*Task requirements*
Retype nothing but the lines from the start of the material up to and including the line with "msp = doc.modelspace()". Pictures don't belong in the copy.

*Information*
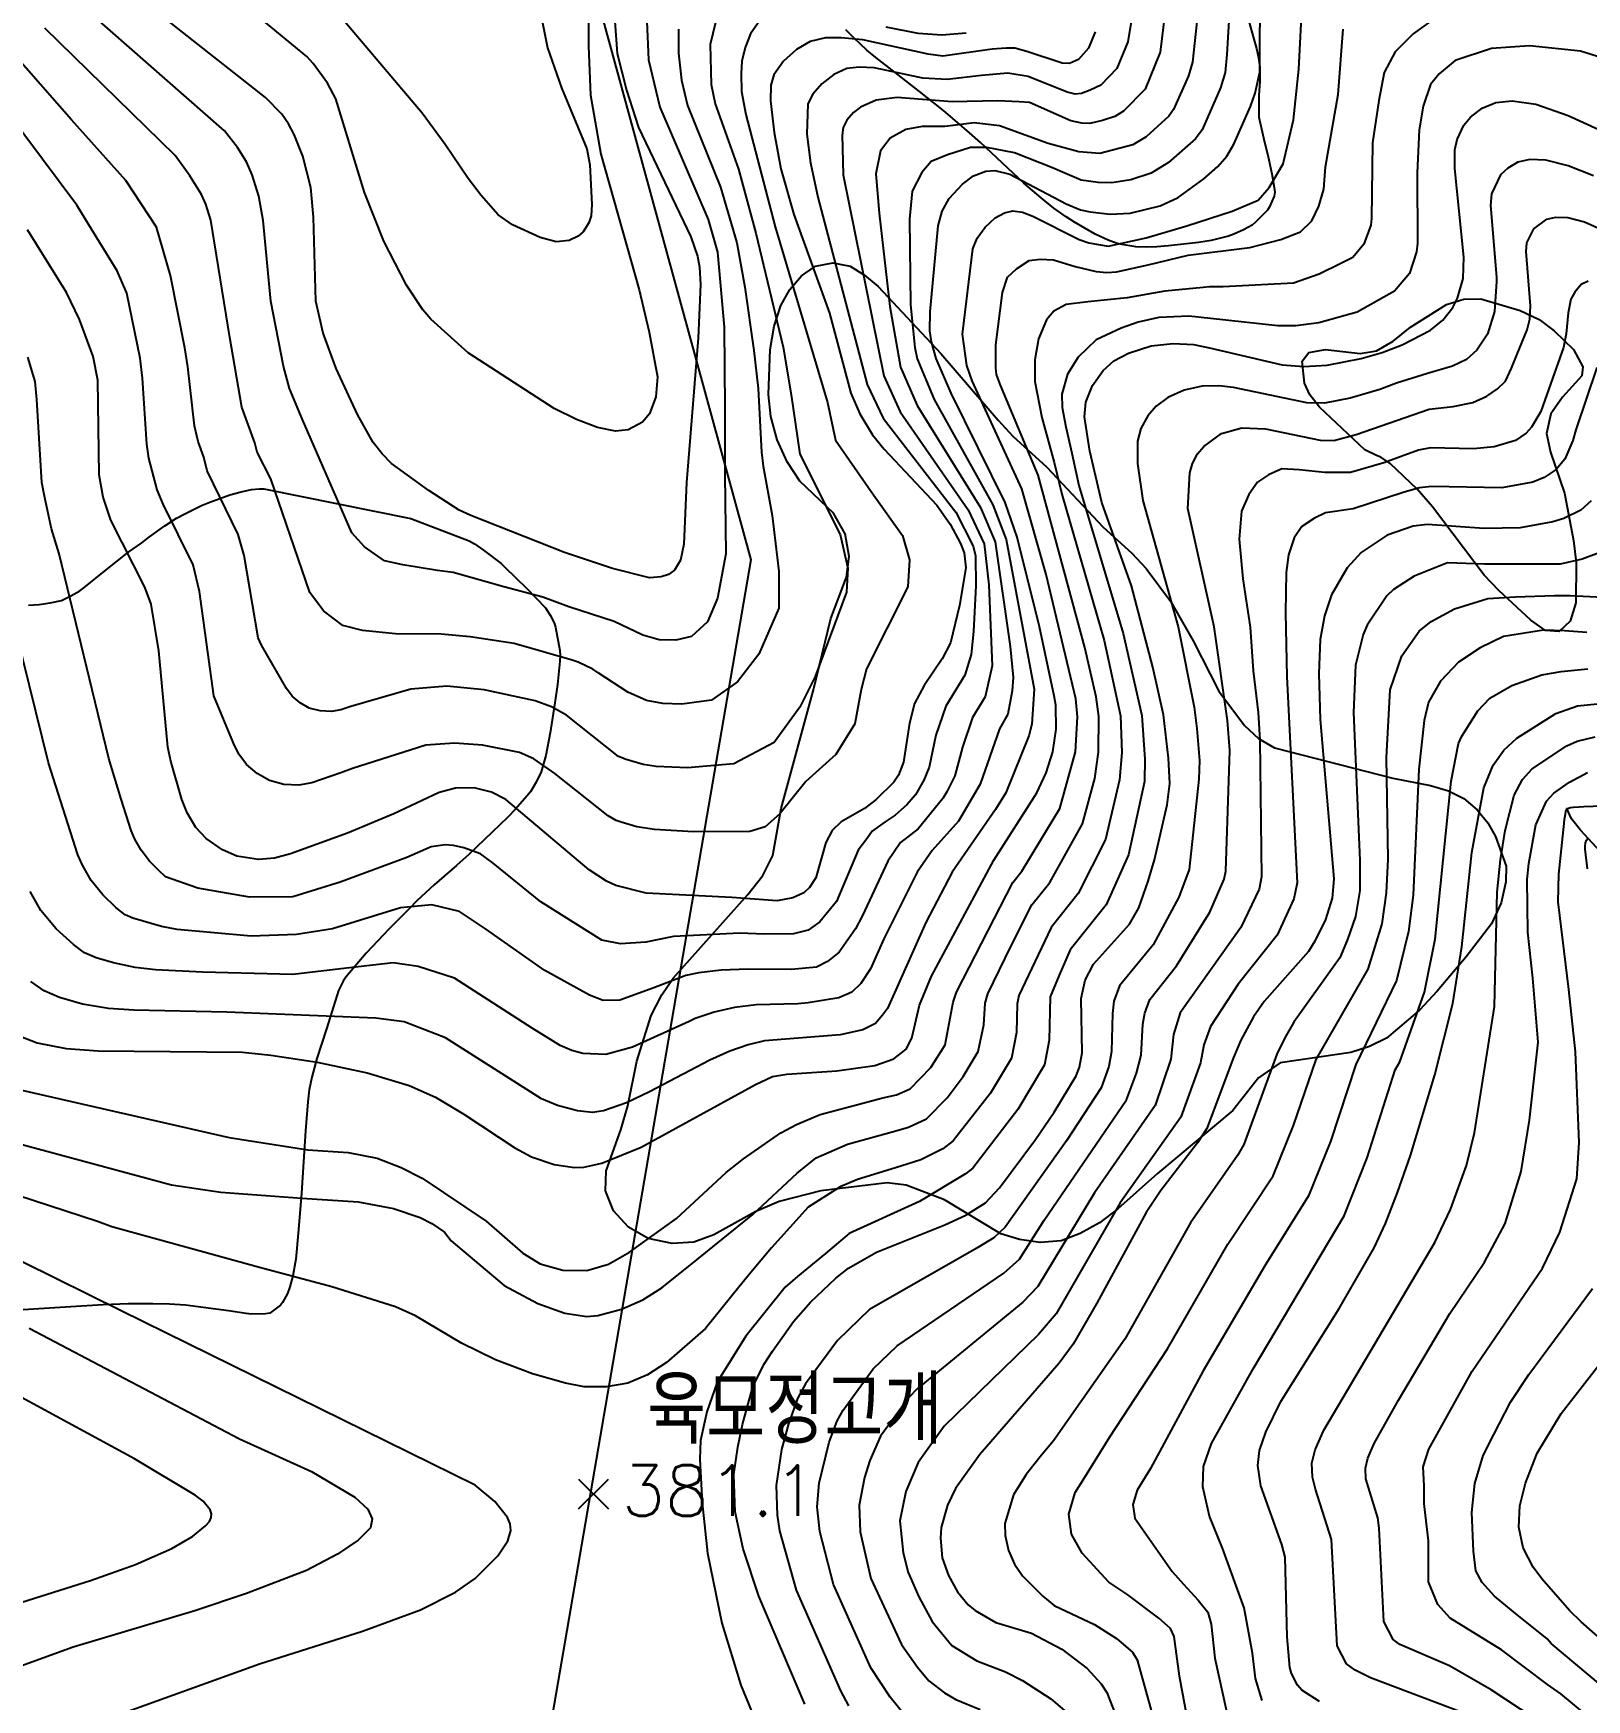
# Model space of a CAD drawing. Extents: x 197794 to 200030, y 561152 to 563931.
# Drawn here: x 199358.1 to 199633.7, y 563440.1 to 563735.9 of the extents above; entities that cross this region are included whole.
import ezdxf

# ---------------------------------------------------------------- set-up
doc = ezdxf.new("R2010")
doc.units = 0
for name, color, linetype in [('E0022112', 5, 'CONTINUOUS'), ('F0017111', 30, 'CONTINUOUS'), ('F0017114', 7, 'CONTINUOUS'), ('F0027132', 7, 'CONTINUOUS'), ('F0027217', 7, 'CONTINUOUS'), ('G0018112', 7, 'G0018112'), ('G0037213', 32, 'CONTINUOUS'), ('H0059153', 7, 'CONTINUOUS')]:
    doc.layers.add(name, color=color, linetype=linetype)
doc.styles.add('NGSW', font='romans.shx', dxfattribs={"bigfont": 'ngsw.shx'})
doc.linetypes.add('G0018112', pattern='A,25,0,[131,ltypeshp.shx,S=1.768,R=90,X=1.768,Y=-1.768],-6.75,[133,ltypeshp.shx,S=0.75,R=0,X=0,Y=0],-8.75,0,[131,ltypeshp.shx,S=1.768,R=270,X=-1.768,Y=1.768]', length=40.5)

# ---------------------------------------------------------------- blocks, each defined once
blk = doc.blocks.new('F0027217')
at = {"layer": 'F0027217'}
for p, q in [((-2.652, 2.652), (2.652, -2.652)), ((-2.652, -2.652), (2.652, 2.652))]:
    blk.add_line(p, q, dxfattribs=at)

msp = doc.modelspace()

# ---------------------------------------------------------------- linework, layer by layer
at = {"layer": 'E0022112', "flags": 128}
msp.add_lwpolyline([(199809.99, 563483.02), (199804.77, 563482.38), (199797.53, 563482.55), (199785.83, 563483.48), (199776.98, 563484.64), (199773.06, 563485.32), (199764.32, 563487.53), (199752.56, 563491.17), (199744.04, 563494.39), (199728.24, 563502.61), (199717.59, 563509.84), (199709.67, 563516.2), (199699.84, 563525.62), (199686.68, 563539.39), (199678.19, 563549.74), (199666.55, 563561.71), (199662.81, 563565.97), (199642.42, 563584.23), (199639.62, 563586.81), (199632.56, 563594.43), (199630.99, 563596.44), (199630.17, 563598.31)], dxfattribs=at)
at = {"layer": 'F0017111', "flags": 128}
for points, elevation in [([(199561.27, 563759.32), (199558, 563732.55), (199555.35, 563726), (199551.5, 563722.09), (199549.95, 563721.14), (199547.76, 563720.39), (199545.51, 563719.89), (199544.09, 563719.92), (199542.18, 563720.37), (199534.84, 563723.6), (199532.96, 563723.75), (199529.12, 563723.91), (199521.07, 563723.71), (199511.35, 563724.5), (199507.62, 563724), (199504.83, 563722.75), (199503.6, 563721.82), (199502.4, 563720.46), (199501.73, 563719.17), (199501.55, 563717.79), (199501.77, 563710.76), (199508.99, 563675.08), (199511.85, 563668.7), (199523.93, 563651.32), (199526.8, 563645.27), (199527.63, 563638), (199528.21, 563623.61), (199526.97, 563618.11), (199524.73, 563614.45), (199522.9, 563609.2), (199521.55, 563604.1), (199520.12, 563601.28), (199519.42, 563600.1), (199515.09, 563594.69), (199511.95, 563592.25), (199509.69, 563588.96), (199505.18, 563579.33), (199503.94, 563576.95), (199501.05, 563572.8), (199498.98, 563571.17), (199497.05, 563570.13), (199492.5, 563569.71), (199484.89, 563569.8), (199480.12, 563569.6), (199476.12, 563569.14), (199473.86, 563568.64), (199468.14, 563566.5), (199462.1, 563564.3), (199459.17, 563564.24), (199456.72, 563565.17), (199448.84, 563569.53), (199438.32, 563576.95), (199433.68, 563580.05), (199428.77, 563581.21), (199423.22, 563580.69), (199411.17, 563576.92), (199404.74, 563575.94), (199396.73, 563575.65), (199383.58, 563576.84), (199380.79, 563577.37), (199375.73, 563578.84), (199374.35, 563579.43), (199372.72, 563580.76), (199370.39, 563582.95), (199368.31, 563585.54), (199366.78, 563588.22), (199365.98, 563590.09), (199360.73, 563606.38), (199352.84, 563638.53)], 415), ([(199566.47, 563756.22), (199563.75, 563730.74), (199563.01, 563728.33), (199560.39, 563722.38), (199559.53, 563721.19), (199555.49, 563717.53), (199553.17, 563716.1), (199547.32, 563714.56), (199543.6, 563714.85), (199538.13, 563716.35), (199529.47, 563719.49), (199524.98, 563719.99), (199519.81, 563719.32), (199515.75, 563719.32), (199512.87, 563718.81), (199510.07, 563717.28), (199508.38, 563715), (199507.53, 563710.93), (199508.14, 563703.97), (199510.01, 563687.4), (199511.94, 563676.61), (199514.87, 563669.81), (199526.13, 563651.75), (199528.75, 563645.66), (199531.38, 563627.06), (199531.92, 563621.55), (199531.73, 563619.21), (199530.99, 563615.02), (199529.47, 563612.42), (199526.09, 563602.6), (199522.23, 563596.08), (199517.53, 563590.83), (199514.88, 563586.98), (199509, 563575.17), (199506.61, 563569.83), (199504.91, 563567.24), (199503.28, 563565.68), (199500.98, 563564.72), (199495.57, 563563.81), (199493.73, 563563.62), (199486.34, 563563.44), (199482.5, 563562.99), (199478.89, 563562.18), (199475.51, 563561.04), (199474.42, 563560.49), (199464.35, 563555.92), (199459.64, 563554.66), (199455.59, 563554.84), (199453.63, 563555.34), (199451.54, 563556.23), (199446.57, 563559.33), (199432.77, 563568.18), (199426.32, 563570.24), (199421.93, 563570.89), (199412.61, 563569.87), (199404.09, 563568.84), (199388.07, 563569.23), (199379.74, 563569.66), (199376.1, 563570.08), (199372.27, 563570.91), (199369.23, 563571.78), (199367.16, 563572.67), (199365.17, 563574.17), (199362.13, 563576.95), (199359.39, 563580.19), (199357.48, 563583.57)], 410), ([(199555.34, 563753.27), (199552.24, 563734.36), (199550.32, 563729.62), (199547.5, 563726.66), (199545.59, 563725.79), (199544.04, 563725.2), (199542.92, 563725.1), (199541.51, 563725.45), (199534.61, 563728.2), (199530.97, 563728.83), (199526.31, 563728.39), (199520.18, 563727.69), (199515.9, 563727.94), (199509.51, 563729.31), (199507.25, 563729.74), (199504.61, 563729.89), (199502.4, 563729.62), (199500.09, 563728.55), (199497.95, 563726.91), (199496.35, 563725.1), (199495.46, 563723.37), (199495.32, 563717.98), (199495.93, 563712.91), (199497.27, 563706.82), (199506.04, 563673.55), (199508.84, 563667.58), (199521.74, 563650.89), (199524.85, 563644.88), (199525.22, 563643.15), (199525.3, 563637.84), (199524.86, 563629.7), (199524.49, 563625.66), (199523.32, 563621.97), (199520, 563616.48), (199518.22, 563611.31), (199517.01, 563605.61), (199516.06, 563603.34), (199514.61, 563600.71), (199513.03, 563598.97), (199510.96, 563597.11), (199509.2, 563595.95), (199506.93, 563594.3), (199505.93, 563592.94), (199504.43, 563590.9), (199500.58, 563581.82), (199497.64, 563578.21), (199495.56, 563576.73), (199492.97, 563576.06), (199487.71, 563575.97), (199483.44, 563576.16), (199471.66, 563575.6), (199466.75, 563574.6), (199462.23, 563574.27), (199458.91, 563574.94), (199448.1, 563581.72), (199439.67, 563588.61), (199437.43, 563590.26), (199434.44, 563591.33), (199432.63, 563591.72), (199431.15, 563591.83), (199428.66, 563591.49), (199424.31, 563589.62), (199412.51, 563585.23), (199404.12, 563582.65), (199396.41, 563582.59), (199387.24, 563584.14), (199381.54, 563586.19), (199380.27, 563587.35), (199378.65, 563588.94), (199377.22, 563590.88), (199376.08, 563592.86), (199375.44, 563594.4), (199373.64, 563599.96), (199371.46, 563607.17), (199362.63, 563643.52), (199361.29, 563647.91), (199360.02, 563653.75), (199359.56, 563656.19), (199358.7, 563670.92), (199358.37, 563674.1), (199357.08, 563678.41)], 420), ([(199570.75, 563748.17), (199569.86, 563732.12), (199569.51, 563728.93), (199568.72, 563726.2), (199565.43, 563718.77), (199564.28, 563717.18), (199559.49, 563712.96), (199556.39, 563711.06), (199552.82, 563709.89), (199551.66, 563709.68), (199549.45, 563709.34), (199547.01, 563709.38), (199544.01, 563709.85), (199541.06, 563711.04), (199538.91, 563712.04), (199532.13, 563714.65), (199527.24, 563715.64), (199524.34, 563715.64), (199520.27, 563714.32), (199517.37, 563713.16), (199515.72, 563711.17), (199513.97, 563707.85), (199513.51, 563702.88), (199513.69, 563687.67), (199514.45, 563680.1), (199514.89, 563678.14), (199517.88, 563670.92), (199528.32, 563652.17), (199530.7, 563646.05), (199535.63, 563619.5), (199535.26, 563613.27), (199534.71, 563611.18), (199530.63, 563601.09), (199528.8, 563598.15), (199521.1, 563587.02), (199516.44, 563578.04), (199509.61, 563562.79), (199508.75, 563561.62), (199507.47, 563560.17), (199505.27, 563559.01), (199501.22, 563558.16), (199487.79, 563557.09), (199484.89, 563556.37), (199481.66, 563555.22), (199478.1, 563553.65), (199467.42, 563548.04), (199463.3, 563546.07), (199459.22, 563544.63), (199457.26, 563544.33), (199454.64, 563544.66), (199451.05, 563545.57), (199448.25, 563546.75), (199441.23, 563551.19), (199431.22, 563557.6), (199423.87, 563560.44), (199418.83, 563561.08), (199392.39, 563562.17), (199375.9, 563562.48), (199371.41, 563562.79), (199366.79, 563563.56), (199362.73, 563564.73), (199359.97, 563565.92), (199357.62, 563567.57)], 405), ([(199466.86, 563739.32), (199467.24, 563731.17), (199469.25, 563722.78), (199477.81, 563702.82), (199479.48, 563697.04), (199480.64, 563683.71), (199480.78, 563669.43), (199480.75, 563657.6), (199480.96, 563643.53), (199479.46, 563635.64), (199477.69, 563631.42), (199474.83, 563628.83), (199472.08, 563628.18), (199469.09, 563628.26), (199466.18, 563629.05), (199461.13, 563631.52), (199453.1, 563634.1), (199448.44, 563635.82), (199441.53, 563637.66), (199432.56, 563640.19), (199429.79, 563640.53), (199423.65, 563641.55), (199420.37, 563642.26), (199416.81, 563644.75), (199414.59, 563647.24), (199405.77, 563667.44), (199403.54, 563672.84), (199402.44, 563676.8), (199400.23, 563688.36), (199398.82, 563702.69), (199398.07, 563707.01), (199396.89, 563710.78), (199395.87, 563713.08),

*Output*
# Model space of a CAD drawing. Extents: x 197794 to 200030, y 561152 to 563931.
# Drawn here: x 199358.1 to 199633.7, y 563440.1 to 563735.9 of the extents above; entities that cross this region are included whole.
import ezdxf

# ---------------------------------------------------------------- set-up
doc = ezdxf.new("R2010")
doc.units = 0
for name, color, linetype in [('E0022112', 5, 'CONTINUOUS'), ('F0017111', 30, 'CONTINUOUS'), ('F0017114', 7, 'CONTINUOUS'), ('F0027132', 7, 'CONTINUOUS'), ('F0027217', 7, 'CONTINUOUS'), ('G0018112', 7, 'G0018112'), ('G0037213', 32, 'CONTINUOUS'), ('H0059153', 7, 'CONTINUOUS')]:
    doc.layers.add(name, color=color, linetype=linetype)
doc.styles.add('NGSW', font='romans.shx', dxfattribs={"bigfont": 'ngsw.shx'})
doc.linetypes.add('G0018112', pattern='A,25,0,[131,ltypeshp.shx,S=1.768,R=90,X=1.768,Y=-1.768],-6.75,[133,ltypeshp.shx,S=0.75,R=0,X=0,Y=0],-8.75,0,[131,ltypeshp.shx,S=1.768,R=270,X=-1.768,Y=1.768]', length=40.5)

# ---------------------------------------------------------------- blocks, each defined once
blk = doc.blocks.new('F0027217')
at = {"layer": 'F0027217'}
for p, q in [((-2.652, 2.652), (2.652, -2.652)), ((-2.652, -2.652), (2.652, 2.652))]:
    blk.add_line(p, q, dxfattribs=at)

msp = doc.modelspace()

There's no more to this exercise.